The site is neighboured by huge houses. We were asked to provide the family with ‘just the right amount of space’. By creating large openings and generous connections to the garden we aimed to make this modest-sized house feel abundant and broad. The result is a home that is almost half the size of its neighbours without compromising liveability.

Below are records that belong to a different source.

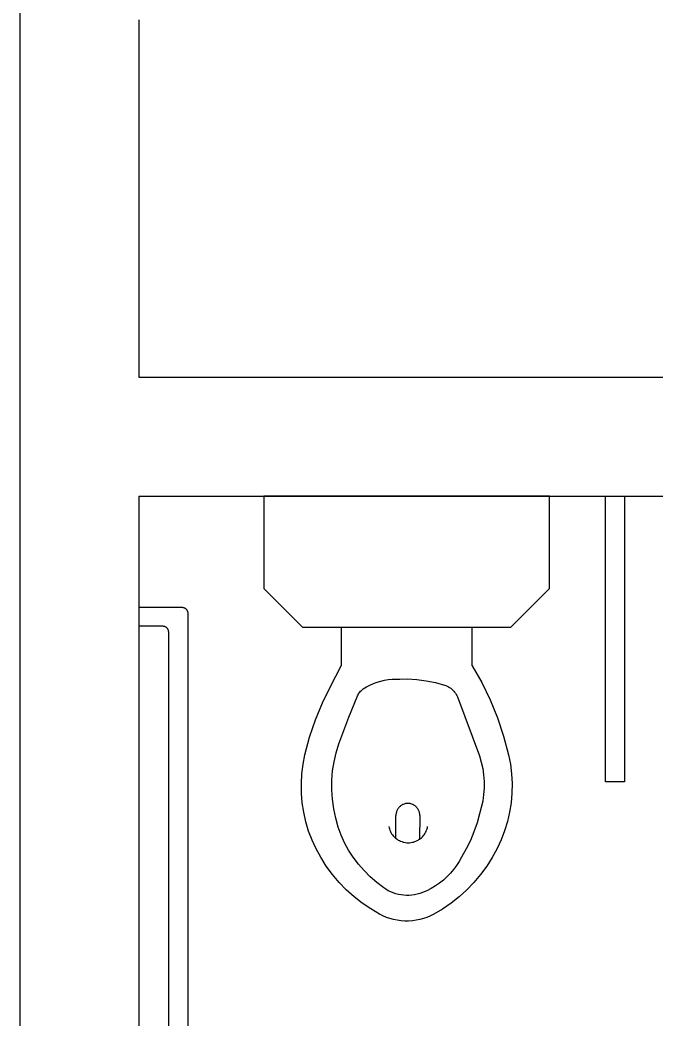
# Model space of a CAD drawing. Extents: x -81148 to 10972, y -53931 to 52487.
# Drawn here: x -28008 to -26939, y 18035 to 19714 of the extents above; entities that cross this region are included whole.
import ezdxf

# ---------------------------------------------------------------- set-up
doc = ezdxf.new("R2010")
doc.units = 0
doc.layers.get('0').update_dxf_attribs({"linetype": 'CONTINUOUS'})

msp = doc.modelspace()

# ---------------------------------------------------------------- linework, layer by layer
for p, q in [((-28007.9, 21313.6), (-28007.9, 19013.6)), ((-27807.9, 19713.6), (-27807.9, 19113.6)), ((-27807.9, 19113.6), (-24507.9, 19113.6)), ((-28007.9, 19013.6), (-28007.9, 16613.6)), ((-27807.9, 18913.6), (-27807.9, 18727.1)), ((-27807.9, 18913.6), (-27023.9, 18913.6)), ((-27117.9, 18913.6), (-27597.9, 18913.6)), ((-27597.9, 18913.6), (-27597.9, 18758.6)), ((-27117.9, 18758.6), (-27117.9, 18913.6)), ((-27023.9, 18551.6), (-27023.9, 18913.6)), ((-27023.9, 18913.6), (-26991.9, 18913.6)), ((-26991.9, 18913.6), (-26991.9, 18433.6)), ((-26991.9, 18913.6), (-25327.8, 18913.6)), ((-27597.9, 18758.6), (-27532.9, 18693.6)), ((-27182.9, 18693.6), (-27117.9, 18758.6)), ((-27807.9, 18727.1), (-27735.9, 18727.1)), ((-27807.9, 18727.1), (-27807.9, 18695.1)), ((-27735.9, 18727.1), (-27735.3, 18727.1)), ((-27735.3, 18727.1), (-27734.6, 18727)), ((-27734.6, 18727), (-27734, 18726.9)), ((-27734, 18726.9), (-27733.3, 18726.8)), ((-27733.3, 18726.8), (-27732.7, 18726.6)), ((-27732.7, 18726.6), (-27732.1, 18726.3)), ((-27732.1, 18726.3), (-27731.5, 18726.1)), ((-27731.5, 18726.1), (-27730.9, 18725.8)), ((-27730.9, 18725.8), (-27730.4, 18725.4)), ((-27730.4, 18725.4), (-27729.8, 18725)), ((-27729.8, 18725), (-27729.3, 18724.6)), ((-27729.3, 18724.6), (-27728.8, 18724.2)), ((-27728.8, 18724.2), (-27728.4, 18723.7)), ((-27728.4, 18723.7), (-27728, 18723.2)), ((-27728, 18723.2), (-27727.6, 18722.7)), ((-27727.6, 18722.7), (-27727.3, 18722.1)), ((-27727.3, 18722.1), (-27726.9, 18721.5)), ((-27726.9, 18721.5), (-27726.7, 18720.9)), ((-27726.7, 18720.9), (-27726.4, 18720.3)), ((-27726.4, 18720.3), (-27726.3, 18719.7)), ((-27726.3, 18719.7), (-27726.1, 18719.1)), ((-27726.1, 18719.1), (-27726, 18718.4)), ((-27726, 18718.4), (-27725.9, 18717.8)), ((-27725.9, 18717.8), (-27725.9, 18717.1)), ((-27725.9, 18717.1), (-27725.9, 17637.1)), ((-27767.9, 18695.1), (-27807.9, 18695.1)), ((-27807.9, 18695.1), (-27807.9, 17659.1)), ((-27767.3, 18695.1), (-27767.9, 18695.1)), ((-27766.6, 18695), (-27767.3, 18695.1)), ((-27766, 18694.9), (-27766.6, 18695)), ((-27765.3, 18694.8), (-27766, 18694.9)), ((-27764.7, 18694.6), (-27765.3, 18694.8)), ((-27764.1, 18694.3), (-27764.7, 18694.6)), ((-27763.5, 18694.1), (-27764.1, 18694.3)), ((-27762.9, 18693.8), (-27763.5, 18694.1)), ((-27762.4, 18693.4), (-27762.9, 18693.8)), ((-27761.8, 18693), (-27762.4, 18693.4)), ((-27761.3, 18692.6), (-27761.8, 18693)), ((-27760.8, 18692.2), (-27761.3, 18692.6)), ((-27760.4, 18691.7), (-27760.8, 18692.2)), ((-27760, 18691.2), (-27760.4, 18691.7)), ((-27759.6, 18690.7), (-27760, 18691.2)), ((-27759.3, 18690.1), (-27759.6, 18690.7)), ((-27758.9, 18689.5), (-27759.3, 18690.1)), ((-27758.7, 18688.9), (-27758.9, 18689.5)), ((-27758.4, 18688.3), (-27758.7, 18688.9)), ((-27758.3, 18687.7), (-27758.4, 18688.3)), ((-27758.1, 18687.1), (-27758.3, 18687.7)), ((-27758, 18686.4), (-27758.1, 18687.1)), ((-27757.9, 18685.8), (-27758, 18686.4)), ((-27757.9, 18685.1), (-27757.9, 18685.8)), ((-27757.9, 17669.1), (-27757.9, 18685.1)), ((-27532.9, 18693.6), (-27467.9, 18693.6)), ((-27467.9, 18693.6), (-27467.9, 18628.6)), ((-27467.9, 18693.6), (-27247.9, 18693.6)), ((-27247.9, 18628.6), (-27247.9, 18693.6)), ((-27247.9, 18693.6), (-27182.9, 18693.6)), ((-27485.9, 18593.8), (-27467.9, 18628.6)), ((-27247.9, 18628.6), (-27231.8, 18600.4)), ((-27425.4, 18593.2), (-27419.7, 18596.3)), ((-27419.7, 18596.3), (-27413.8, 18599)), ((-27413.8, 18599), (-27407.8, 18601.2)), ((-27407.8, 18601.2), (-27401.6, 18603.1)), ((-27401.6, 18603.1), (-27395.3, 18604.5)), ((-27395.3, 18604.5), (-27388.9, 18605.6)), ((-27388.9, 18605.6), (-27382.4, 18606.1)), ((-27382.4, 18606.1), (-27376, 18606.3)), ((-27376, 18606.3), (-27369.5, 18606)), ((-27369.5, 18606), (-27357, 18606.6)), ((-27357, 18606.6), (-27341.1, 18605.8)), ((-27341.1, 18605.8), (-27325.2, 18603.7)), ((-27325.2, 18603.7), (-27309.6, 18600.5)), ((-27309.6, 18600.5), (-27294.2, 18596.2)), ((-27294.2, 18596.2), (-27292, 18595.4)), ((-27292, 18595.4), (-27289.9, 18594.5)), ((-27289.9, 18594.5), (-27287.9, 18593.5)), ((-27231.8, 18600.4), (-27217.6, 18571.3)), ((-27499.5, 18566.3), (-27485.9, 18593.8)), ((-27441.2, 18576.6), (-27440.5, 18578.3)), ((-27440.5, 18578.3), (-27439.7, 18580)), ((-27439.7, 18580), (-27438.8, 18581.7)), ((-27438.8, 18581.7), (-27437.7, 18583.2)), ((-27437.7, 18583.2), (-27436.5, 18584.7)), ((-27436.5, 18584.7), (-27435.3, 18586.1)), ((-27435.3, 18586.1), (-27433.9, 18587.5)), ((-27433.9, 18587.5), (-27432.4, 18588.7)), ((-27432.4, 18588.7), (-27430.9, 18589.8)), ((-27430.9, 18589.8), (-27425.4, 18593.2)), ((-27287.9, 18593.5), (-27285.9, 18592.3)), ((-27285.9, 18592.3), (-27284, 18590.9)), ((-27284, 18590.9), (-27282.2, 18589.5)), ((-27282.2, 18589.5), (-27280.5, 18587.9)), ((-27280.5, 18587.9), (-27278.9, 18586.3)), ((-27278.9, 18586.3), (-27277.5, 18584.5)), ((-27277.5, 18584.5), (-27276.1, 18582.6)), ((-27276.1, 18582.6), (-27274.9, 18580.7)), ((-27274.9, 18580.7), (-27273.8, 18578.7)), ((-27273.8, 18578.7), (-27272.8, 18576.6)), ((-27511.3, 18538), (-27499.5, 18566.3)), ((-27455, 18542.2), (-27441.2, 18576.6)), ((-27272.8, 18576.6), (-27235.6, 18477.5)), ((-27217.6, 18571.3), (-27205.3, 18541.4)), ((-27023.9, 18433.6), (-27023.9, 18551.6)), ((-27521.1, 18508.9), (-27511.3, 18538)), ((-27472.2, 18497.8), (-27455, 18542.2)), ((-27205.3, 18541.4), (-27195, 18510.6)), ((-27195, 18510.6), (-27186.8, 18479.3)), ((-27529, 18479.3), (-27521.1, 18508.9)), ((-27476.7, 18482.8), (-27472.2, 18497.8)), ((-27532.1, 18463.4), (-27529, 18479.3)), ((-27480.1, 18467.6), (-27476.7, 18482.8)), ((-27235.6, 18477.5), (-27232.5, 18467)), ((-27186.8, 18479.3), (-27183.7, 18463.4)), ((-27534.1, 18447.3), (-27532.1, 18463.4)), ((-27482.4, 18452.1), (-27480.1, 18467.6)), ((-27232.5, 18467), (-27230.2, 18456.2)), ((-27183.7, 18463.4), (-27181.8, 18447.3)), ((-27535, 18431), (-27534.1, 18447.3)), ((-27483.6, 18436.6), (-27482.4, 18452.1)), ((-27230.2, 18456.2), (-27228.6, 18445.4)), ((-27228.6, 18445.4), (-27227.8, 18434.4)), ((-27181.8, 18447.3), (-27180.9, 18431.2)), ((-27534.8, 18414.8), (-27535, 18431)), ((-27483.7, 18420.5), (-27483.6, 18436.6)), ((-27227.8, 18434.4), (-27227.8, 18423.4)), ((-27180.9, 18431.2), (-27181.2, 18415)), ((-26991.9, 18433.6), (-27023.9, 18433.6)), ((-27533.4, 18398.6), (-27534.8, 18414.8)), ((-27482.7, 18404.5), (-27483.7, 18420.5)), ((-27228.6, 18412.5), (-27230.2, 18401.6)), ((-27227.8, 18423.4), (-27228.6, 18412.5)), ((-27181.2, 18415), (-27182.6, 18398.8)), ((-27530.9, 18382.6), (-27533.4, 18398.6)), ((-27480.5, 18388.6), (-27482.7, 18404.5)), ((-27368.1, 18393.4), (-27369.1, 18392.6)), ((-27367.1, 18394.2), (-27368.1, 18393.4)), ((-27365.9, 18394.9), (-27367.1, 18394.2)), ((-27364.8, 18395.5), (-27365.9, 18394.9)), ((-27363.6, 18396), (-27364.8, 18395.5)), ((-27362.4, 18396.5), (-27363.6, 18396)), ((-27361.1, 18396.9), (-27362.4, 18396.5)), ((-27359.8, 18397.2), (-27361.1, 18396.9)), ((-27358.6, 18397.4), (-27359.8, 18397.2)), ((-27357.2, 18397.5), (-27358.6, 18397.4)), ((-27355.9, 18397.5), (-27357.2, 18397.5)), ((-27354.6, 18397.5), (-27355.9, 18397.5)), ((-27353.3, 18397.4), (-27354.6, 18397.5)), ((-27352, 18397.2), (-27353.3, 18397.4)), ((-27350.8, 18396.9), (-27352, 18397.2)), ((-27349.5, 18396.5), (-27350.8, 18396.9)), ((-27348.3, 18396), (-27349.5, 18396.5)), ((-27347.1, 18395.5), (-27348.3, 18396)), ((-27345.9, 18394.9), (-27347.1, 18395.5)), ((-27344.8, 18394.2), (-27345.9, 18394.9)), ((-27343.8, 18393.4), (-27344.8, 18394.2)), ((-27342.8, 18392.6), (-27343.8, 18393.4)), ((-27230.2, 18401.6), (-27232.5, 18390.8)), ((-27182.6, 18398.8), (-27185.1, 18382.9)), ((-27527.3, 18366.7), (-27530.9, 18382.6)), ((-27477.3, 18372.9), (-27480.5, 18388.6)), ((-27375.8, 18380.2), (-27375.9, 18378.9)), ((-27375.9, 18378.9), (-27375.9, 18377.5)), ((-27375.9, 18341.8), (-27375.9, 18377.5)), ((-27375.6, 18381.4), (-27375.8, 18380.2)), ((-27375.3, 18382.7), (-27375.6, 18381.4)), ((-27374.9, 18384), (-27375.3, 18382.7)), ((-27374.4, 18385.2), (-27374.9, 18384)), ((-27373.9, 18386.4), (-27374.4, 18385.2)), ((-27373.3, 18387.5), (-27373.9, 18386.4)), ((-27372.6, 18388.7), (-27373.3, 18387.5)), ((-27371.8, 18389.7), (-27372.6, 18388.7)), ((-27371, 18390.7), (-27371.8, 18389.7)), ((-27370.1, 18391.7), (-27371, 18390.7)), ((-27369.1, 18392.6), (-27370.1, 18391.7)), ((-27341.8, 18391.7), (-27342.8, 18392.6)), ((-27340.9, 18390.7), (-27341.8, 18391.7)), ((-27340.1, 18389.7), (-27340.9, 18390.7)), ((-27339.3, 18388.7), (-27340.1, 18389.7)), ((-27338.6, 18387.5), (-27339.3, 18388.7)), ((-27338, 18386.4), (-27338.6, 18387.5)), ((-27337.5, 18385.2), (-27338, 18386.4)), ((-27337, 18384), (-27337.5, 18385.2)), ((-27336.6, 18382.7), (-27337, 18384)), ((-27336.3, 18381.4), (-27336.6, 18382.7)), ((-27335.9, 18377.5), (-27336.5, 18337.4)), ((-27336.1, 18380.2), (-27336.3, 18381.4)), ((-27336, 18378.9), (-27336.1, 18380.2)), ((-27335.9, 18377.5), (-27336, 18378.9)), ((-27235.6, 18380.3), (-27239.7, 18365)), ((-27232.5, 18390.8), (-27235.6, 18380.3)), ((-27185.1, 18382.9), (-27188.7, 18367.1)), ((-27522.7, 18351.2), (-27527.3, 18366.7)), ((-27473, 18357.5), (-27477.3, 18372.9)), ((-27239.7, 18365), (-27244.8, 18349.9)), ((-27188.7, 18367.1), (-27193.4, 18351.6)), ((-27516.9, 18336), (-27522.7, 18351.2)), ((-27468.3, 18344.3), (-27473, 18357.5)), ((-27462.5, 18331.5), (-27468.3, 18344.3)), ((-27388, 18358.9), (-27387.5, 18356.8)), ((-27387.5, 18356.8), (-27386.9, 18354.7)), ((-27386.9, 18354.7), (-27386.2, 18352.6)), ((-27386.2, 18352.6), (-27385.3, 18350.6)), ((-27385.3, 18350.6), (-27384.3, 18348.6)), ((-27384.3, 18348.6), (-27383.2, 18346.7)), ((-27383.2, 18346.7), (-27381.9, 18344.9)), ((-27381.9, 18344.9), (-27380.5, 18343.2)), ((-27380.5, 18343.2), (-27379.1, 18341.6)), ((-27331.6, 18341.6), (-27330.1, 18343.2)), ((-27330.1, 18343.2), (-27328.7, 18344.9)), ((-27328.7, 18344.9), (-27327.5, 18346.7)), ((-27327.5, 18346.7), (-27326.3, 18348.6)), ((-27326.3, 18348.6), (-27325.3, 18350.6)), ((-27325.3, 18350.6), (-27324.5, 18352.6)), ((-27324.5, 18352.6), (-27323.7, 18354.7)), ((-27323.7, 18354.7), (-27323.1, 18356.8)), ((-27323.1, 18356.8), (-27322.7, 18358.9)), ((-27244.8, 18349.9), (-27250.9, 18335.3)), ((-27193.4, 18351.6), (-27199.1, 18336.4)), ((-27510.2, 18321.3), (-27516.9, 18336)), ((-27455.8, 18319.1), (-27462.5, 18331.5)), ((-27379.1, 18341.6), (-27377.5, 18340)), ((-27377.5, 18340), (-27375.9, 18338.7)), ((-27375.9, 18338.7), (-27375.9, 18341.8)), ((-27375.9, 18338.7), (-27375.8, 18338.6)), ((-27375.8, 18338.6), (-27374, 18337.3)), ((-27374, 18337.3), (-27372.1, 18336.1)), ((-27372.1, 18336.1), (-27370.2, 18335.1)), ((-27370.2, 18335.1), (-27368.2, 18334.2)), ((-27368.2, 18334.2), (-27366.1, 18333.4)), ((-27366.1, 18333.4), (-27364, 18332.7)), ((-27364, 18332.7), (-27361.9, 18332.2)), ((-27361.9, 18332.2), (-27359.7, 18331.8)), ((-27359.7, 18331.8), (-27357.5, 18331.6)), ((-27357.5, 18331.6), (-27355.3, 18331.6)), ((-27355.3, 18331.6), (-27353.1, 18331.6)), ((-27353.1, 18331.6), (-27350.9, 18331.8)), ((-27350.9, 18331.8), (-27348.8, 18332.2)), ((-27348.8, 18332.2), (-27346.6, 18332.7)), ((-27346.6, 18332.7), (-27344.5, 18333.4)), ((-27344.5, 18333.4), (-27342.4, 18334.2)), ((-27342.4, 18334.2), (-27340.4, 18335.1)), ((-27340.4, 18335.1), (-27338.5, 18336.1)), ((-27338.5, 18336.1), (-27336.7, 18337.3)), ((-27336.7, 18337.3), (-27336.5, 18337.4)), ((-27336.5, 18337.4), (-27334.9, 18338.6)), ((-27334.9, 18338.6), (-27333.2, 18340)), ((-27333.2, 18340), (-27331.6, 18341.6)), ((-27250.9, 18335.3), (-27258, 18321.1)), ((-27199.1, 18336.4), (-27205.9, 18321.7)), ((-27502.4, 18307), (-27510.2, 18321.3)), ((-27448.1, 18307.4), (-27455.8, 18319.1)), ((-27258, 18321.1), (-27266, 18307.4)), ((-27205.9, 18321.7), (-27214.1, 18306.5)), ((-27493, 18292.3), (-27502.4, 18307)), ((-27482.7, 18278.3), (-27493, 18292.3)), ((-27439.2, 18295.7), (-27448.1, 18307.4)), ((-27429.6, 18284.7), (-27439.2, 18295.7)), ((-27274.3, 18293.2), (-27279.2, 18286.6)), ((-27269.9, 18300.1), (-27274.3, 18293.2)), ((-27266, 18307.4), (-27269.9, 18300.1)), ((-27214.1, 18306.5), (-27223.4, 18291.9)), ((-27471.5, 18265), (-27482.7, 18278.3)), ((-27419.2, 18274.4), (-27429.6, 18284.7)), ((-27284.5, 18280.3), (-27290.2, 18274.3)), ((-27279.2, 18286.6), (-27284.5, 18280.3)), ((-27233.6, 18278), (-27244.8, 18264.8)), ((-27223.4, 18291.9), (-27233.6, 18278)), ((-27459.4, 18252.5), (-27471.5, 18265)), ((-27408.2, 18264.7), (-27419.2, 18274.4)), ((-27396.6, 18255.8), (-27408.2, 18264.7)), ((-27309.5, 18259), (-27316.6, 18254.7)), ((-27302.7, 18263.6), (-27309.5, 18259)), ((-27296.3, 18268.8), (-27302.7, 18263.6)), ((-27290.2, 18274.3), (-27296.3, 18268.8)), ((-27244.8, 18264.8), (-27256.8, 18252.3)), ((-27446.4, 18240.9), (-27459.4, 18252.5)), ((-27392.8, 18253.3), (-27396.6, 18255.8)), ((-27388.8, 18251), (-27392.8, 18253.3)), ((-27384.7, 18249.1), (-27388.8, 18251)), ((-27380.5, 18247.3), (-27384.7, 18249.1)), ((-27376.2, 18245.9), (-27380.5, 18247.3)), ((-27371.8, 18244.7), (-27376.2, 18245.9)), ((-27367.3, 18243.9), (-27371.8, 18244.7)), ((-27362.8, 18243.3), (-27367.3, 18243.9)), ((-27358.2, 18243.1), (-27362.8, 18243.3)), ((-27353.7, 18243.1), (-27358.2, 18243.1)), ((-27349.1, 18243.4), (-27353.7, 18243.1)), ((-27344.6, 18244.1), (-27349.1, 18243.4)), ((-27340.1, 18245), (-27344.6, 18244.1)), ((-27335.8, 18246.2), (-27340.1, 18245)), ((-27331.5, 18247.8), (-27335.8, 18246.2)), ((-27323.9, 18251), (-27331.5, 18247.8)), ((-27316.6, 18254.7), (-27323.9, 18251)), ((-27256.8, 18252.3), (-27269.6, 18240.7)), ((-27432.8, 18230.1), (-27446.4, 18240.9)), ((-27418.4, 18220.3), (-27432.8, 18230.1)), ((-27283.2, 18230), (-27297.5, 18220.2)), ((-27269.6, 18240.7), (-27283.2, 18230)), ((-27403.4, 18211.5), (-27418.4, 18220.3)), ((-27397.8, 18208.6), (-27403.4, 18211.5)), ((-27391.9, 18206.2), (-27397.8, 18208.6)), ((-27318.1, 18208.6), (-27323.9, 18206.2)), ((-27312.4, 18211.5), (-27318.1, 18208.6)), ((-27297.5, 18220.2), (-27312.4, 18211.5)), ((-27386, 18204.1), (-27391.9, 18206.2)), ((-27379.9, 18202.4), (-27386, 18204.1)), ((-27373.7, 18201.2), (-27379.9, 18202.4)), ((-27367.4, 18200.3), (-27373.7, 18201.2)), ((-27361.1, 18199.9), (-27367.4, 18200.3)), ((-27354.8, 18199.9), (-27361.1, 18199.9)), ((-27348.4, 18200.3), (-27354.8, 18199.9)), ((-27342.2, 18201.2), (-27348.4, 18200.3)), ((-27336, 18202.4), (-27342.2, 18201.2)), ((-27329.9, 18204.1), (-27336, 18202.4)), ((-27323.9, 18206.2), (-27329.9, 18204.1))]:
    msp.add_line(p, q)

doc.saveas('drawing.dxf')

▼从前院看向建筑,the exterior view from the garden

▼宽阔屋檐下的枫树,the maple tree encompassed by the eave



The largest houses in the world.



Australian homes are the largest in the world. This is a significant problem for Australia. A stable economy, aspirational culture and relatively flat topography have enabled Australians to occupy homes that are far bigger than they require. Melbourne’s flat landscape, loose topographical boundaries and rapidly growing population have meant that large homes have spread over the food belt and into arid areas. Large homes, and their associated sprawl, are highly problematic. Services and infrastructure, such as food, water, electricity, communications, health and education are stretched at great expense to the public, both financially and environmentally. Large, deep homes are less responsive to the climates of Australia’s cities. Therefore heating and cooling demands are radically increased. Large homes, and the subsequent sprawl, place significant demands on private car ownership and associated infrastructure, which is by far the least sustainable transport option. People who are unable to drive (the elderly, children, people with disabilities, etc) are often left isolated without reliable alternative transport options. Walking and riding become difficult, and often dangerous, in sprawl areas.

In short, large homes are an environmental disaster for our cities, whilst also being a cultural/social disaster for our communities.

▼面向庭院的书房,the study facing the front garden




Living with community.

“我们(澳大利亚人)总是习惯于去私密场所而非公共场所,或是与社区里的其他人交流,而我认为这是错误的。”Stuart White教授说道。


“We (Australians) tend to seek those things in a private space rather than going and seeking them in a public space or mingle with others in the community and I think that is a worrying trend,” Professor Stuart White

Like many of our wonderful clients, the owners of THAT House are keen to open up to the community rather than permanently hiding or fortifying themselves. As Australian homes and culture become increasingly inward looking and protective, AMA is reacting against this trend. THAT House can open up to the outdoors, both private and public. Importantly a house that can be very transparent needs to be able to adapt to multiple privacy needs. Hence we have installed upwards blinds to give the owners control over their level of privacy. How many times have you seen huge windows with their blinds permanently down? This happens because of the binary a downward blind creates. A downward blind provides no privacy until it is completely down. An upward blind enables you to cut-out almost all view into a home while still being able to look out to the garden, and the street beyond. This gives control over all levels of privacy and intimate control over the light let into each space.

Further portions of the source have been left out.